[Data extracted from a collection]
• • • • • • •

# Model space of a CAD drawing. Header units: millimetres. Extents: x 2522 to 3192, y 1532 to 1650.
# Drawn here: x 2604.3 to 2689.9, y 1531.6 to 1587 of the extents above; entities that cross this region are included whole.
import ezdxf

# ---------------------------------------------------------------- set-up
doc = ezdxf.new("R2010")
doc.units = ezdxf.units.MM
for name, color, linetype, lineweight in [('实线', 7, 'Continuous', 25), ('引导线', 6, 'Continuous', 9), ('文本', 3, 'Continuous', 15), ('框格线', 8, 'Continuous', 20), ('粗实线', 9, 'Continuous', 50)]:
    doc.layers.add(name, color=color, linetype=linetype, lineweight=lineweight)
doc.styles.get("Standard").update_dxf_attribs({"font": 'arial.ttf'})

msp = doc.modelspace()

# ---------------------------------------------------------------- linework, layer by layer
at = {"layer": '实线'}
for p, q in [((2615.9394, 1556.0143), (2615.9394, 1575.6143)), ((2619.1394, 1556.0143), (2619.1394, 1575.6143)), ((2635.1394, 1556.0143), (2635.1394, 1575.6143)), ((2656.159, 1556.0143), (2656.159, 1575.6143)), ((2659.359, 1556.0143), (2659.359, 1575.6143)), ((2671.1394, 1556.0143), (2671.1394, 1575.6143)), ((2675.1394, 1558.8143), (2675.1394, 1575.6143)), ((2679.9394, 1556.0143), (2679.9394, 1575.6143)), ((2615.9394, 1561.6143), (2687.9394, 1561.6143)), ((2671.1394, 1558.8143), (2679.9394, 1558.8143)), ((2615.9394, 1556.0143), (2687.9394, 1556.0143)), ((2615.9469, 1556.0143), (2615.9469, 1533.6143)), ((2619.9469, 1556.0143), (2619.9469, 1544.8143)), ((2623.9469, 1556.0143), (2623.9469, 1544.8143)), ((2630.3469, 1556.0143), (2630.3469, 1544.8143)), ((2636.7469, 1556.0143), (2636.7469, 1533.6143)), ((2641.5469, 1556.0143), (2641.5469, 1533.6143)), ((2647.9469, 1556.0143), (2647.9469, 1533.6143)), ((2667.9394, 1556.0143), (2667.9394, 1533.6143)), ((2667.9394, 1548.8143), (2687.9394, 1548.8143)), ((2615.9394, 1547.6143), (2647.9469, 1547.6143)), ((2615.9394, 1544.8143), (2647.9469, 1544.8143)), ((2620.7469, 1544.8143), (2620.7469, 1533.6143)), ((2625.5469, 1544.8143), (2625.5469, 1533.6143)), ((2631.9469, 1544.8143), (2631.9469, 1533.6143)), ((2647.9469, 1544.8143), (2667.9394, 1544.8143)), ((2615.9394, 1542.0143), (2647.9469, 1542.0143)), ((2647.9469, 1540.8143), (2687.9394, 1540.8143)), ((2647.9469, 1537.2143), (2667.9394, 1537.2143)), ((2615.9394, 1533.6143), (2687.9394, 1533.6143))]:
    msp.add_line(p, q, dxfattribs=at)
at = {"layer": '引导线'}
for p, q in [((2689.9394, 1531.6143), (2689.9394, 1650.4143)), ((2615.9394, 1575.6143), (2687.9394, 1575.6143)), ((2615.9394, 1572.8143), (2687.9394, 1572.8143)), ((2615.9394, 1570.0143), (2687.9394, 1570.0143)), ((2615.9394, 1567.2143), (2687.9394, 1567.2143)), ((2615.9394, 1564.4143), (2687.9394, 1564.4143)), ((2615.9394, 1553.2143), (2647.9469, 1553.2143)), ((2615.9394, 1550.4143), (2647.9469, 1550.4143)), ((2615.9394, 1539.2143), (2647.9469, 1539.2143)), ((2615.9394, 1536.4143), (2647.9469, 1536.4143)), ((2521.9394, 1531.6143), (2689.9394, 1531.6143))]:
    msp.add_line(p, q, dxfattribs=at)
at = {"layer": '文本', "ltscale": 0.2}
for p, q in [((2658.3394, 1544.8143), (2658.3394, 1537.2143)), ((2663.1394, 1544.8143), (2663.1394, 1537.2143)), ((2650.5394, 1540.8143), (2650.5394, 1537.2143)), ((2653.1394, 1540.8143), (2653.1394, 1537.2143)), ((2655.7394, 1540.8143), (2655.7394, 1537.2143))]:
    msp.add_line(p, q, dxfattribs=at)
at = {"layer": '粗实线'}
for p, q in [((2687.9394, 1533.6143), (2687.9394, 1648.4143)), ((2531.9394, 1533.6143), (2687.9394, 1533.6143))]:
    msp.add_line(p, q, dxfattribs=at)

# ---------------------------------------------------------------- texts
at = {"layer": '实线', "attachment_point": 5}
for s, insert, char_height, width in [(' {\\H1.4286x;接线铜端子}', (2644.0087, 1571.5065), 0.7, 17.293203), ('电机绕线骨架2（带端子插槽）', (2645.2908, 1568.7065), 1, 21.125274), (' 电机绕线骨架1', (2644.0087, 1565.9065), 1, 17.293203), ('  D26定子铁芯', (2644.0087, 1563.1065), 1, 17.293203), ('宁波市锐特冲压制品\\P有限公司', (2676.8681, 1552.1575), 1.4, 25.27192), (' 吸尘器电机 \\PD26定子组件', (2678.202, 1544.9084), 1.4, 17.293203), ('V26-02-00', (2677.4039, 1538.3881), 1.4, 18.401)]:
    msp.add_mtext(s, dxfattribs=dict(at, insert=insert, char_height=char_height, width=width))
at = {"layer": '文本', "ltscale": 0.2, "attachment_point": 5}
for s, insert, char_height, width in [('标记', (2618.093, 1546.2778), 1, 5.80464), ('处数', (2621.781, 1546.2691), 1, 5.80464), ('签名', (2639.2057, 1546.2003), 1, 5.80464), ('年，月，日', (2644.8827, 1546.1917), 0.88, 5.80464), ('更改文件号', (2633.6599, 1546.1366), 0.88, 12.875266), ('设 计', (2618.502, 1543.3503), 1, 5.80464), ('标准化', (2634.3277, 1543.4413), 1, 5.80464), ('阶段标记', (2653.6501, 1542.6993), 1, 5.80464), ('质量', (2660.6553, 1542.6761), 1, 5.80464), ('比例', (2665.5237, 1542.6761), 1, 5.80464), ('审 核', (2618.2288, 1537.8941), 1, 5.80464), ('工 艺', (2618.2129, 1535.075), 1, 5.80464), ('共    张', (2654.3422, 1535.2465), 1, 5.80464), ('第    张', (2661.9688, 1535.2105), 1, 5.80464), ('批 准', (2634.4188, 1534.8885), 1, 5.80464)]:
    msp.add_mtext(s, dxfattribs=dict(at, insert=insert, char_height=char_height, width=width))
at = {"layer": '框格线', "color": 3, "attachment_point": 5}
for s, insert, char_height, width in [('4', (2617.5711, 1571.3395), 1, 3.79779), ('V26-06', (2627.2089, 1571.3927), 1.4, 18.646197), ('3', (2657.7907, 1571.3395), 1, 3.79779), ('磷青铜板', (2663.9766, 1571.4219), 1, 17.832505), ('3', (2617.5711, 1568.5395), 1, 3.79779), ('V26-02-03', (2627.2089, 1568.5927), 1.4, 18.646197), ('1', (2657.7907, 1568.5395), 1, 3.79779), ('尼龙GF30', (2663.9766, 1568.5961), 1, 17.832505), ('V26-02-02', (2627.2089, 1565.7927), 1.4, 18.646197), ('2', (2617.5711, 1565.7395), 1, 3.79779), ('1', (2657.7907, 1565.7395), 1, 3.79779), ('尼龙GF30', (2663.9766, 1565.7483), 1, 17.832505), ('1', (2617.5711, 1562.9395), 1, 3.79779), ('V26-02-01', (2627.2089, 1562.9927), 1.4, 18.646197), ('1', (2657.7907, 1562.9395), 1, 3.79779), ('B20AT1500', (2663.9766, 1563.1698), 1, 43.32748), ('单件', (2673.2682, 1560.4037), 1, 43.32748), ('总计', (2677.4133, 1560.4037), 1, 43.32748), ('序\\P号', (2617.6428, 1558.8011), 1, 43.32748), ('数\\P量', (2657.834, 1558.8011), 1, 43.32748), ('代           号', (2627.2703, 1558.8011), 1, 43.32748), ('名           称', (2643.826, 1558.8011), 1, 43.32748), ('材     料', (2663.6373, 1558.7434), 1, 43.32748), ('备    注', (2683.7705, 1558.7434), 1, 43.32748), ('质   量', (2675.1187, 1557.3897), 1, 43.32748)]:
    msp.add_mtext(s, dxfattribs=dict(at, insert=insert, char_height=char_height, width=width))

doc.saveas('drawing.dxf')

• • • • • • •

# PROBLEM TO WORK ON
Give back the opening line of the records above and every line after it, up to and including the one with "doc.units = ezdxf.units.MM", unchanged.

# RESPONSE BELOW
# Model space of a CAD drawing. Header units: millimetres. Extents: x 2522 to 3192, y 1532 to 1650.
# Drawn here: x 2604.3 to 2689.9, y 1531.6 to 1587 of the extents above; entities that cross this region are included whole.
import ezdxf

# ---------------------------------------------------------------- set-up
doc = ezdxf.new("R2010")
doc.units = ezdxf.units.MM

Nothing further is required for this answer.